**WORK TO COMPLETE**
Collect all lines containing the word "note" from the data.

DATASET CONTENT: Begin

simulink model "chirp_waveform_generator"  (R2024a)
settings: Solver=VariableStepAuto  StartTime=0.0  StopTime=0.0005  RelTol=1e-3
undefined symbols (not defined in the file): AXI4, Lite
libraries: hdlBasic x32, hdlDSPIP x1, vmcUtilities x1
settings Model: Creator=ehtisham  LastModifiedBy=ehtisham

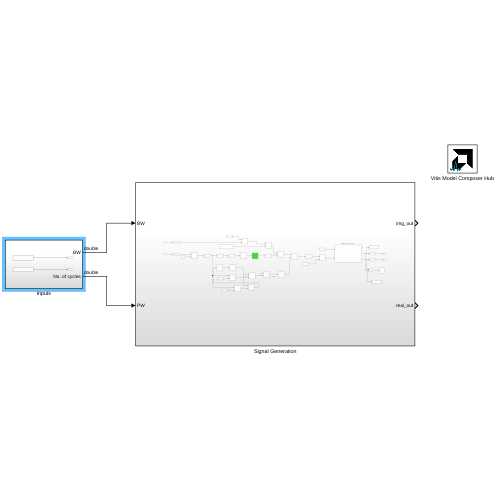
[thumbnail: Simulink's stored preview of the top-level diagram]
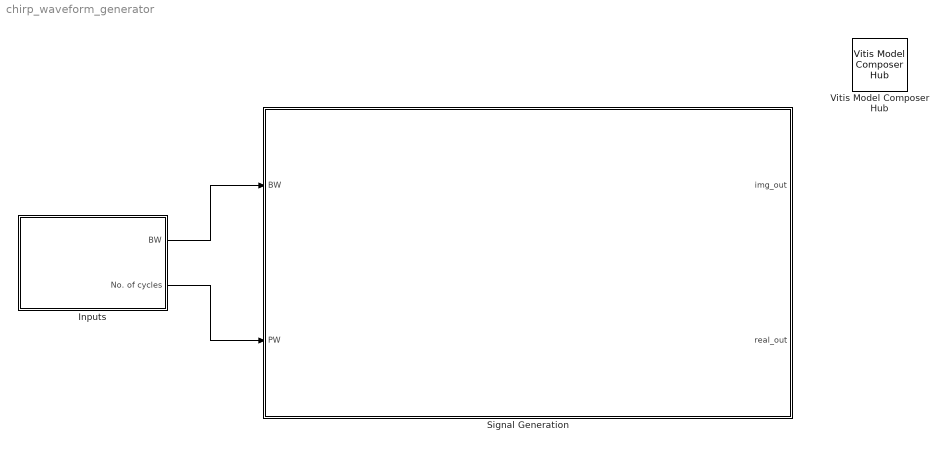
== system chirp_waveform_generator ==
  Inputs : Subsystem
  Signal Generation : Subsystem
  Vitis Model Composer Hub : vmcUtilities/Vitis Model Composer Hub  Tag=genX  CodeGeneration=off  SubsystemName=Signal Generation  CompilationType=HDLCompilation  SubsystemType=HDLNode  ExportTypeV2=IP Catalog  StartColumn=1  NumberOfColumns=1  TargetDirectory=/home/ehtisham/Desktop/Ehtisham/Practice/Model_composer/Signal_Generation/IP1  exportDesign=on  analyzeDesign=off  validateDesignOnHw=off  ExportType=AI Engines  IpVendor=xilinx.com  IpLibrary=hls  IpVersion=1.0  IpHWLanguage=Verilog  AieCompilerOptions={}  AieSimulatorOptions={}  CreateTestbench=on  TestbenchStackSize=10  RunRtlSim=off  RunCSim=off  RunAieSim=off  AieSimTimeout=50000  RunAieSimProfiling=off  LaunchVitisAnalyzer=off  PlotOutput=off  RunX86Sim=off  X86SimTimeout=10  GenHwImage=off  GenLibadfXo=off  GenHwValidationCode=off  PlatformType=Not Specified  HwSystemType=Baremetal  HwValidationTarget=hw  ProjDevice=Zynq UltraScale+ ZCU102 Evaluation Board (xczu9eg-ffvb1156-2-e)  ProjDevicePart=xczu9eg-ffvb1156-2-e  AIEType=None  SamplePeriod=-1  ClockFrequency=200  DataPathParallelism=1  xilinxfamily=zynquplus  part=xczu9eg  speed=-2-e  package=ffvb1156  directory=/home/ehtisham/Desktop/Ehtisham/Practice/Model_composer/Signal_Generation/IP1/ip/Signal_Generation/src  testbench=on  incr_netlist=off  synthesis_tool=Vivado  clock_wrapper=Clock Enables  dbl_ovrd=According to Block Masks  dcm_input_clock_period=10  sysclk_period=4  simulink_period=1/245760000  eval_field=0  IPInfoJsonString="{\"DUTSubsystemName\":\"Signal Generation\",\"HDLSubsystem\":{\"SubsystemName\":\"Signal_Generation\",\"IPName\":\"Chirp_Generator\",\"IPLibrary\":\"VMC\",\"IPVendor\":\"M Ehtisham\",\"IPVersion\":\"1.0\",\"TargetDirectory\":\"/home/ehtisham/Desktop/Ehtisham/Practice/Model_composer/Signal_Generation/IP1\",\"SubsystemDir\":\"/home/ehtisham/Desktop/Ehtisham/Practice/Model_composer/Signal_Generation/IP1/ip/Signal_Generation\",\"FreqHz\":\"250000000\"},\"SubsystemTag\":\"HDLNode\"}"  LogFileName=/home/ehtisham/Desktop/Ehtisham/Practice/Model_composer/Signal_Generation/IP1/model_composer.log  NThreads=4  IPConfigFile=/tmp/vmctmp-ehtisham/2407313/ipconfig.json
  wires:
  Inputs/1(BW) -> Signal Generation/1(BW)
  Inputs/2(No. of cycles) -> Signal Generation/2(PW)

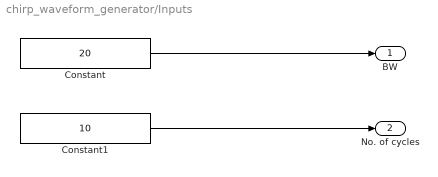
== system chirp_waveform_generator/Inputs ==
  Constant : Constant  Value=20
  Constant1 : Constant  Value=10
  BW : Outport
  No. of cycles : Outport  Port=2
  wires:
  Constant/1 -> BW/1
  Constant1/1 -> No. of cycles/1

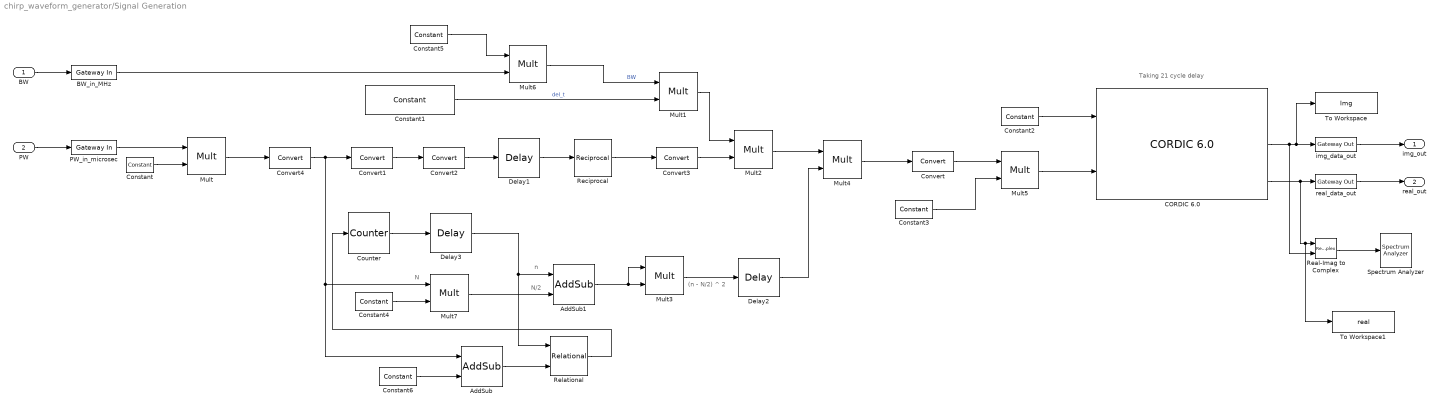
== system chirp_waveform_generator/Signal Generation ==
  note: Taking 21 cycle delay
  note: n
  note: N/2
  note: N
  note: (n - N/2) ^ 2
  BW : Inport
  PW : Inport  Port=2
  AddSub : hdlBasic/AddSub  mode=Subtraction  use_carryin=off  use_carryout=off  en=off  latency=0  precision=Full  arith_type=Unsigned  n_bits=16  bin_pt=14  quantization=Truncate  overflow=Wrap  use_behavioral_HDL=off  hw_selection=Fabric  pipelined=off  XmcBlockStatus=1  maskContainerNames=tabcontainer1  block_type=addsub  block_config=sysgen:Addsub_config
  AddSub1 : hdlBasic/AddSub  mode=Subtraction  use_carryin=off  use_carryout=off  en=off  latency=0  precision=Full  arith_type=Unsigned  n_bits=16  bin_pt=14  quantization=Truncate  overflow=Wrap  use_behavioral_HDL=off  hw_selection=Fabric  pipelined=off  XmcBlockStatus=1  maskContainerNames=tabcontainer1  block_type=addsub  block_config=sysgen:Addsub_config
  BW_in_MHz : hdlBasic/Gateway In  gui_display_data_type=Fixed-point  arith_type=Unsigned  n_bits=7  bin_pt=0  preci_type=Single  exp_width=8  frac_width=24  rows=1  columns=1  quantization="Round  (unbiased: +/- Inf)"  overflow=Saturate  period=1/245760000  UseAsADC=off  ADCChannel='1'  interface=AXI4-Lite  automatic_assignment=on  address_offset=hex2dec('00')  intf_name='signal_bw'  intf_description='This is the chirp BW. User have to enter BW value in MHz'  default_value=0  timing_constraint=None  locs_specified=off  LOCs={}  io_standard={}  inherit_from_input=off  hdl_port=on  XmcBlockStatus=1  maskContainerNames=group4  block_type=gatewayin  block_config=sysgen:gateway_in_config  block_width_w=590  block_height_w=620  block_width=640  block_height=850
  CORDIC 6.0 : hdlDSPIP/CORDIC 6.0   functional_selection=Sin_and_Cos  architectural_configuration=Parallel  pipelining_mode=Maximum  data_format=SignedFraction  phase_format=Radians  input_width=48  output_width=16  round_mode=Truncate  iterations=0  precision=0  compensation_scaling=No_Scale_Compensation  coarse_rotation=on  aclken=off  aresetn=off  out_tready=off  cartesian_has_tuser=off  cartesian_has_tlast=off  cartesian_tuser_width=1  phase_has_tuser=off  phase_has_tlast=off  phase_tuser_width=1  out_tlast_behv=Null  flow_control=NonBlocking  optimize_goal=Performance  trim_axipin_name=on  simulation_type=hybrid_sim  simulation_model=sysgen:cordic_v6_0  data_path_portlist={'s_axis_cartesian_tdata_imag', 's_axis_cartesian_tdata_real', 's_axis_phase_tdata_phase', 'm_axis_dout_tdata_imag', 'm_axis_dout_tdata_real', 'm_axis_dout_tdata_phase','m_axis_dout_tdata'}  ip_name=CORDIC  ip_version=6.0  dsptool_ready=true  ipcore_usecache=true  ipcore_useipmodelcache=true  wrapper_available=true  port_translation_map={ 'aclken' => 'en', 'aresetn' => 'rst' }  XmcBlockStatus=1  maskContainerNames=group15  block_type=cordic_v6_0  block_config=sysgen:rodinimport_config  block_width=800
  Constant : hdlBasic/Constant  const=245.76  gui_display_data_type=Fixed-point  arith_type=Unsigned  n_bits=12  bin_pt=4  preci_type=Single  exp_width=8  frac_width=24  explicit_period=off  period=1  XmcBlockStatus=1  maskContainerNames=tabcontainer1  block_type=constant  block_config=sysgen:Constant_config
  Constant1 : hdlBasic/Constant  const=1/245760000  gui_display_data_type=Fixed-point  arith_type=Unsigned  n_bits=40  bin_pt=39  preci_type=Single  exp_width=8  frac_width=24  explicit_period=on  period=1/245760000  XmcBlockStatus=1  maskContainerNames=tabcontainer1  block_type=constant  block_config=sysgen:Constant_config
  Constant2 : hdlBasic/Constant  const=1.0  gui_display_data_type=Boolean  arith_type=Boolean  n_bits=16  bin_pt=14  preci_type=Single  exp_width=8  frac_width=24  explicit_period=off  period=1  XmcBlockStatus=1  maskContainerNames=tabcontainer1  block_type=constant  block_config=sysgen:Constant_config
  Constant3 : hdlBasic/Constant  const=3.14  gui_display_data_type=Fixed-point  arith_type=Unsigned  n_bits=8  bin_pt=6  preci_type=Single  exp_width=8  frac_width=24  explicit_period=on  period=1/245760000  XmcBlockStatus=1  maskContainerNames=tabcontainer1  block_type=constant  block_config=sysgen:Constant_config
  Constant4 : hdlBasic/Constant  const=0.5  gui_display_data_type=Fixed-point  arith_type=Unsigned  n_bits=2  bin_pt=2  preci_type=Single  exp_width=8  frac_width=24  explicit_period=on  period=1/245760000  XmcBlockStatus=1  maskContainerNames=tabcontainer1  block_type=constant  block_config=sysgen:Constant_config
  Constant5 : hdlBasic/Constant  const=1000000  gui_display_data_type=Fixed-point  arith_type=Unsigned  n_bits=20  bin_pt=0  preci_type=Single  exp_width=8  frac_width=24  explicit_period=on  period=1/245760000  XmcBlockStatus=1  maskContainerNames=tabcontainer1  block_type=constant  block_config=sysgen:Constant_config
  Constant6 : hdlBasic/Constant  const=1.0  gui_display_data_type=Fixed-point  arith_type=Unsigned  n_bits=1  bin_pt=0  preci_type=Single  exp_width=8  frac_width=24  explicit_period=off  period=1  XmcBlockStatus=1  maskContainerNames=tabcontainer1  block_type=constant  block_config=sysgen:Constant_config
  Convert : hdlBasic/Convert  gui_display_data_type=Fixed-point  arith_type=Signed (2's comp)  n_bits=18  bin_pt=17  float_type=Single  exp_bits=8  fraction_bits=24  quantization=Truncate  overflow=Wrap  en=off  latency=1  pipeline=off  XmcBlockStatus=1  maskContainerNames=group2  block_type=convert  block_config=sysgen:Convert_config  block_width=595  block_height=885
  Convert1 : hdlBasic/Convert  gui_display_data_type=Fixed-point  arith_type=Signed (2's comp)  n_bits=17  bin_pt=0  float_type=Double  exp_bits=8  fraction_bits=24  quantization=Truncate  overflow=Wrap  en=off  latency=0  pipeline=off  XmcBlockStatus=1  maskContainerNames=group2  block_type=convert  block_config=sysgen:Convert_config  block_width=595  block_height=885
  Convert2 : hdlBasic/Convert  gui_display_data_type=Floating-point  arith_type=Floating-point  n_bits=17  bin_pt=0  float_type=Single  exp_bits=8  fraction_bits=24  quantization=Truncate  overflow=Wrap  en=off  latency=6  pipeline=off  XmcBlockStatus=1  maskContainerNames=group2  block_type=convert  block_config=sysgen:Convert_config  block_width=595  block_height=885
  Convert3 : hdlBasic/Convert  gui_display_data_type=Fixed-point  arith_type=Signed (2's comp)  n_bits=32  bin_pt=24  float_type=Double  exp_bits=8  fraction_bits=24  quantization="Round  (unbiased: +/- Inf)"  overflow=Saturate  en=off  latency=1  pipeline=off  XmcBlockStatus=1  maskContainerNames=group2  block_type=convert  block_config=sysgen:Convert_config  block_width=595  block_height=885
  Convert4 : hdlBasic/Convert  gui_display_data_type=Fixed-point  arith_type=Signed (2's comp)  n_bits=16  bin_pt=0  float_type=Double  exp_bits=8  fraction_bits=24  quantization="Round  (unbiased: Even Values)"  overflow=Wrap  en=off  latency=0  pipeline=off  XmcBlockStatus=1  maskContainerNames=group2  block_type=convert  block_config=sysgen:Convert_config  block_width=595  block_height=885
  Counter : hdlBasic/Counter  cnt_type=Free running  cnt_to=Inf  operation=Up  start_count=0  cnt_by_val=1  arith_type=Unsigned  n_bits=16  bin_pt=0  load_pin=off  rst=on  en=off  explicit_period=Explicit  period=1/245760000  use_behavioral_HDL=off  implementation=Fabric  XmcBlockStatus=1  maskContainerNames=group1  block_type=counter  block_config=sysgen:Counter_config  block_width=531  block_height=1023
  Delay1 : hdlBasic/Delay  rst=off  en=off  latency=0  reg_retiming=off  XmcBlockStatus=1  maskContainerNames=group1  block_type=delay  block_config=sysgen:Delay_config
  Delay2 : hdlBasic/Delay  rst=off  en=off  latency=2  reg_retiming=off  XmcBlockStatus=1  maskContainerNames=group1  block_type=delay  block_config=sysgen:Delay_config
  Delay3 : hdlBasic/Delay  rst=off  en=off  latency=3  reg_retiming=off  XmcBlockStatus=1  maskContainerNames=group1  block_type=delay  block_config=sysgen:Delay_config
  Mult : hdlBasic/Mult  precision=Full  arith_type="Signed  (2's comp)"  n_bits=16  bin_pt=14  quantization=Truncate  overflow=Wrap  en=off  latency=0  opt_float=off  fp_mult_usage=No Usage  use_behavioral_HDL=off  opt=Speed  use_embedded=on  optimum_pipeline=off  pipeline=on  use_rpm=on  placement_style=Triangular  XmcBlockStatus=1  maskContainerNames=group1  block_type=mult  block_config=sysgen:Mult_config  block_width=598  block_height=876
  Mult1 : hdlBasic/Mult  precision=Full  arith_type="Signed  (2's comp)"  n_bits=16  bin_pt=14  quantization=Truncate  overflow=Wrap  en=off  latency=9  opt_float=off  fp_mult_usage=No Usage  use_behavioral_HDL=off  opt=Speed  use_embedded=on  optimum_pipeline=on  pipeline=on  use_rpm=on  placement_style=Triangular  XmcBlockStatus=1  maskContainerNames=group1  block_type=mult  block_config=sysgen:Mult_config  block_width=598  block_height=876
  Mult2 : hdlBasic/Mult  precision=Full  arith_type="Signed  (2's comp)"  n_bits=16  bin_pt=14  quantization=Truncate  overflow=Wrap  en=off  latency=3  opt_float=off  fp_mult_usage=No Usage  use_behavioral_HDL=off  opt=Speed  use_embedded=on  optimum_pipeline=off  pipeline=on  use_rpm=on  placement_style=Triangular  XmcBlockStatus=1  maskContainerNames=group1  block_type=mult  block_config=sysgen:Mult_config  block_width=598  block_height=876
  Mult3 : hdlBasic/Mult  precision=Full  arith_type="Signed  (2's comp)"  n_bits=16  bin_pt=14  quantization=Truncate  overflow=Wrap  en=off  latency=10  opt_float=off  fp_mult_usage=No Usage  use_behavioral_HDL=off  opt=Speed  use_embedded=off  optimum_pipeline=on  pipeline=on  use_rpm=on  placement_style=Triangular  XmcBlockStatus=1  maskContainerNames=group1  block_type=mult  block_config=sysgen:Mult_config  block_width=598  block_height=876
  Mult4 : hdlBasic/Mult  precision=Full  arith_type="Signed  (2's comp)"  n_bits=48  bin_pt=45  quantization="Round  (unbiased: +/- Inf)"  overflow=Wrap  en=off  latency=2  opt_float=off  fp_mult_usage=No Usage  use_behavioral_HDL=off  opt=Speed  use_embedded=on  optimum_pipeline=off  pipeline=on  use_rpm=on  placement_style=Triangular  XmcBlockStatus=1  maskContainerNames=group1  block_type=mult  block_config=sysgen:Mult_config  block_width=598  block_height=876
  Mult5 : hdlBasic/Mult  precision=Full  arith_type="Signed  (2's comp)"  n_bits=48  bin_pt=45  quantization="Round  (unbiased: +/- Inf)"  overflow=Wrap  en=off  latency=0  opt_float=off  fp_mult_usage=No Usage  use_behavioral_HDL=off  opt=Speed  use_embedded=on  optimum_pipeline=off  pipeline=on  use_rpm=on  placement_style=Triangular  XmcBlockStatus=1  maskContainerNames=group1  block_type=mult  block_config=sysgen:Mult_config  block_width=598  block_height=876
  Mult6 : hdlBasic/Mult  precision=Full  arith_type="Signed  (2's comp)"  n_bits=16  bin_pt=14  quantization=Truncate  overflow=Wrap  en=off  latency=4  opt_float=off  fp_mult_usage=No Usage  use_behavioral_HDL=off  opt=Speed  use_embedded=on  optimum_pipeline=off  pipeline=on  use_rpm=on  placement_style=Triangular  XmcBlockStatus=1  maskContainerNames=group1  block_type=mult  block_config=sysgen:Mult_config  block_width=598  block_height=876
  Mult7 : hdlBasic/Mult  precision=Full  arith_type="Signed  (2's comp)"  n_bits=16  bin_pt=14  quantization=Truncate  overflow=Wrap  en=off  latency=3  opt_float=off  fp_mult_usage=No Usage  use_behavioral_HDL=off  opt=Speed  use_embedded=on  optimum_pipeline=off  pipeline=on  use_rpm=on  placement_style=Triangular  XmcBlockStatus=1  maskContainerNames=group1  block_type=mult  block_config=sysgen:Mult_config  block_width=598  block_height=876
  PW_in_microsec : hdlBasic/Gateway In  gui_display_data_type=Fixed-point  arith_type=Unsigned  n_bits=13  bin_pt=6  preci_type=Single  exp_width=8  frac_width=24  rows=1  columns=1  quantization="Round  (unbiased: +/- Inf)"  overflow=Saturate  period=1/245760000  UseAsADC=off  ADCChannel='1'  interface=AXI4-Lite  automatic_assignment=on  address_offset=hex2dec('00')  intf_name='pw_cycles'  intf_description='This is the PW cycles. We have to divide user PW with Fs to get the No. of cycles'  default_value=0  timing_constraint=None  locs_specified=off  LOCs={}  io_standard={}  inherit_from_input=off  hdl_port=on  XmcBlockStatus=1  maskContainerNames=group4  block_type=gatewayin  block_config=sysgen:gateway_in_config  block_width_w=590  block_height_w=620  block_width=640  block_height=850
  Real-Imag to Complex : RealImagToComplex
  Reciprocal : hdlBasic/Reciprocal  flow_control=NonBlocking  axi_optimize_goal=Resources  latency=6  has_a_tlast=off  has_a_tuser=off  en=off  has_result_tready=off  has_underflow=off  has_divide_by_zero=off  fpo_op_type=reciprocal  rate=1  has_b_tlast=false  has_b_tuser=false  result_tlast_behv=1  has_overflow=false  has_invalid_op=false  XmcBlockStatus=1  maskContainerNames=tabcontainer1  block_type=reciprocal  block_config=sysgen:FPOBlockDescriptor_config
  Relational : hdlBasic/Relational  mode=a=b  op_type=Bool  en=off  latency=0  XmcBlockStatus=1  maskContainerNames=tabcontainer1  block_type=relational  block_config=sysgen:Relational_config
  Spectrum Analyzer : SpectrumAnalyzer  WindowPosition=[560.000000,179.000000,800.000000,500.000000,]  Visible=on  ScopeFrameLocation=window  Span=245760000  StartFrequency=-122880000  StopFrequency=122880000  YLimits=[-44.44929046,18.76878932]  SelectedToolstripTab=spectrumAnalyzerToolstrip.channelMeasurementsTab
  To Workspace : ToWorkspace  VariableName=Img  SaveFormat=Timeseries  SampleTime=-1
  To Workspace1 : ToWorkspace  VariableName=real  SaveFormat=Timeseries  SampleTime=-1
  img_data_out : hdlBasic/Gateway Out  inherit_from_input=off  hdl_port=on  rows=1  columns=1  UseAsDAC=off  DACChannel='1'  interface=None  automatic_assignment=on  address_offset=hex2dec('00')  intf_name=''  intf_description=''  timing_constraint=None  locs_specified=off  LOCs={}  io_standard={}  XmcBlockStatus=1  maskContainerNames=group4  block_type=gatewayout  block_config=sysgen:gateway_out_config  block_width_w=590  block_height_w=620  block_width=620  block_height=750
  real_data_out : hdlBasic/Gateway Out  inherit_from_input=off  hdl_port=on  rows=1  columns=1  UseAsDAC=off  DACChannel='1'  interface=None  automatic_assignment=on  address_offset=hex2dec('00')  intf_name=''  intf_description=''  timing_constraint=None  locs_specified=off  LOCs={}  io_standard={}  XmcBlockStatus=1  maskContainerNames=group4  block_type=gatewayout  block_config=sysgen:gateway_out_config  block_width_w=590  block_height_w=620  block_width=620  block_height=750
  img_out : Outport
  real_out : Outport  Port=2
  wires:
  BW/1 -> BW_in_MHz/1
  PW/1 -> PW_in_microsec/1
  Constant1/1 -> Mult1/2  "del_t"
  Mult6/1 -> Mult1/1  "BW"
  Counter/1 -> Delay3/1
  Mult2/1 -> Mult4/1
  Mult4/1 -> Convert/1
  Constant2/1 -> CORDIC 6.0/1
  CORDIC 6.0/3 -> To Workspace1/1, Real-Imag to Complex/1, real_data_out/1
  CORDIC 6.0/2 -> To Workspace/1, img_data_out/1, Real-Imag to Complex/2
  img_data_out/1 -> img_out/1
  real_data_out/1 -> real_out/1
  BW_in_MHz/1 -> Mult6/2
  Convert/1 -> Mult5/1
  Constant3/1 -> Mult5/2
  Mult5/1 -> CORDIC 6.0/2
  Relational/1 -> Counter/1
  Constant5/1 -> Mult6/1
  AddSub/1 -> Relational/2
  Constant6/1 -> AddSub/2
  Mult1/1 -> Mult2/1
  PW_in_microsec/1 -> Mult/1
  Reciprocal/1 -> Convert3/1
  Convert1/1 -> Convert2/1
  Convert2/1 -> Delay1/1
  Convert3/1 -> Mult2/2
  Mult3/1 -> Delay2/1
  Delay1/1 -> Reciprocal/1
  Delay2/1 -> Mult4/2
  Constant4/1 -> Mult7/2
  Mult7/1 -> AddSub1/2
  Delay3/1 -> Relational/1, AddSub1/1
  AddSub1/1 -> Mult3/2, Mult3/1
  Real-Imag to Complex/1 -> Spectrum Analyzer/1
  Constant/1 -> Mult/2
  Mult/1 -> Convert4/1
  Convert4/1 -> AddSub/1, Mult7/1, Convert1/1

DATASET CONTENT: End

**OUTPUT**
  note: Taking 21 cycle delay
  note: n
  note: N/2
  note: N
  note: (n - N/2) ^ 2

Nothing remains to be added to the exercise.